Jika hamba-Ku mengatakan: “Indinas Shiraatal mustaqiim.
Shiraatal ladziina an-‘amta ‘alaihim ghairil mafhdhuubi ‘alaihim waladh
dhzaalliiin..” (Tunjukkanlah kami jalan yang lurus, yaitu jalannya
orang-orang yang telah Engkau beri nikmat. Bukan jalan orang-orang yang
Kau murkai dan bukan jalan orang-orang yang sesat), Ku-jawab, “Inilah
bagian hamba-Ku, dan baginya apa yang dia minta.” (HR. Muslim no. 598).
Maka sholat adalah saat-saat dimana seorang hamba
berinteraksi dengan Rabbnya.

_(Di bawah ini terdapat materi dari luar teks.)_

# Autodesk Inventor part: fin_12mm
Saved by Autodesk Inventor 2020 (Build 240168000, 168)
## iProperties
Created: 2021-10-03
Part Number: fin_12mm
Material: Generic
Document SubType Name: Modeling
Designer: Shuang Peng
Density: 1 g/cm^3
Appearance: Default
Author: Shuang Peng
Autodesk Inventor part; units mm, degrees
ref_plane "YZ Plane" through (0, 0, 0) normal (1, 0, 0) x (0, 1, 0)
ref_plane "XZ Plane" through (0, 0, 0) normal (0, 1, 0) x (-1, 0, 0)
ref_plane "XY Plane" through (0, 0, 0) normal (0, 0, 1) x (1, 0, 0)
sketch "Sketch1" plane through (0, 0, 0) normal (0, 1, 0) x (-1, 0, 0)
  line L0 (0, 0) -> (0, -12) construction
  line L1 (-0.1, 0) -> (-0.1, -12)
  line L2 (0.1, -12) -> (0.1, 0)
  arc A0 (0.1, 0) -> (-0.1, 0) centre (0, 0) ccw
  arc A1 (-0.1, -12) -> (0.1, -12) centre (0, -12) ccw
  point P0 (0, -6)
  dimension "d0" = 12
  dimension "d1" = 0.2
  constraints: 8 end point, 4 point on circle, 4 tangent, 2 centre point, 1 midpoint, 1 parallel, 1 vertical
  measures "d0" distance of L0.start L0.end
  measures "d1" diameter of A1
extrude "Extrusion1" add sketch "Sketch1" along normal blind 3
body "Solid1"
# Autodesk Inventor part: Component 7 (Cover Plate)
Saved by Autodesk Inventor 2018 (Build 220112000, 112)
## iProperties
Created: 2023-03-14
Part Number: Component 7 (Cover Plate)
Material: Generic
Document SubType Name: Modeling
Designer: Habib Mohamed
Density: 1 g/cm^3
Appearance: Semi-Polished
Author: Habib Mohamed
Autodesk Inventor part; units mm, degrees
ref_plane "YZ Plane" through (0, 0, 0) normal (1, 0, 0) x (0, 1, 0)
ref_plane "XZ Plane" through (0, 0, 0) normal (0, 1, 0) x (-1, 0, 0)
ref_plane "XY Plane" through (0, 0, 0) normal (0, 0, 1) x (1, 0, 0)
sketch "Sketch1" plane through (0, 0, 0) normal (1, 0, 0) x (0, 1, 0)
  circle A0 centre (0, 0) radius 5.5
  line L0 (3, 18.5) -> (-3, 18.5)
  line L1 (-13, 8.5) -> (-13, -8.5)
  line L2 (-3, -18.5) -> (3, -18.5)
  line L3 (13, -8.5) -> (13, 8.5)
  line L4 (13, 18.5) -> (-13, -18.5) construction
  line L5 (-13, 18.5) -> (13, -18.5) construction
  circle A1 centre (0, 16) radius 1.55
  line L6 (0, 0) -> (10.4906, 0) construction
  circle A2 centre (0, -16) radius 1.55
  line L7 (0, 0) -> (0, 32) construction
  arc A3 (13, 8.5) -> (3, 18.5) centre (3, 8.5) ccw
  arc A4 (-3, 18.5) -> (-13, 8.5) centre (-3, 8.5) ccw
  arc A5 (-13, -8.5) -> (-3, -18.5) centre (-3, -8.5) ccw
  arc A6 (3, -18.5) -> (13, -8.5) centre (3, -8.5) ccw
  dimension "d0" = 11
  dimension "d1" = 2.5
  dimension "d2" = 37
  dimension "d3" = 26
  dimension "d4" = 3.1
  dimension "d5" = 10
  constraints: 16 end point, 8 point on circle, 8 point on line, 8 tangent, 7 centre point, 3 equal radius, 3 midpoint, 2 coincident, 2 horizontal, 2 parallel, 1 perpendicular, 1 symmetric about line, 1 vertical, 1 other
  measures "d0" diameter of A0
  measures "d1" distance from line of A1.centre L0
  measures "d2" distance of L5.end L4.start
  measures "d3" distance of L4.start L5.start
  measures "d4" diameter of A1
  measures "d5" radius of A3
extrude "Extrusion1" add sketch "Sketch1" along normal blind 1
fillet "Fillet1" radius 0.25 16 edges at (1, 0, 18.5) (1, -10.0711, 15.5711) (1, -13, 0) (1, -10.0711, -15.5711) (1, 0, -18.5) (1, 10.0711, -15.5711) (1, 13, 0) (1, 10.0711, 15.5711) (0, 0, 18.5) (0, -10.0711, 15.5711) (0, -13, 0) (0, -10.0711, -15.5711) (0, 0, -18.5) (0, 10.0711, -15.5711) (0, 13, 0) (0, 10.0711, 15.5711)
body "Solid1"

Dan tidak didapati keutamaan semacam ini
dalam ibadah-ibadah lain kecuali dalam sholat. Yaitu keadaan di mana
Tuhanmu menjawab setiap bacaan Alfatihah mu: Hamba-Ku memuji-Ku… HambaKu
menyanjung-Ku.
Pesan semacam ini bila kita hadirkan dalam hati kita ketika
sholat, sungguh akan sangat membantu untuk khusyu. Akantetapi kita
sering lalai -semoga Allah mengampuni kita-. Sehingga bacaan Al Fatihah,
seperti lalu begitu saja. Tidak ada perasaan bahwa saat itu Robb
semesta alam sedang menjawab setiap bacaannya.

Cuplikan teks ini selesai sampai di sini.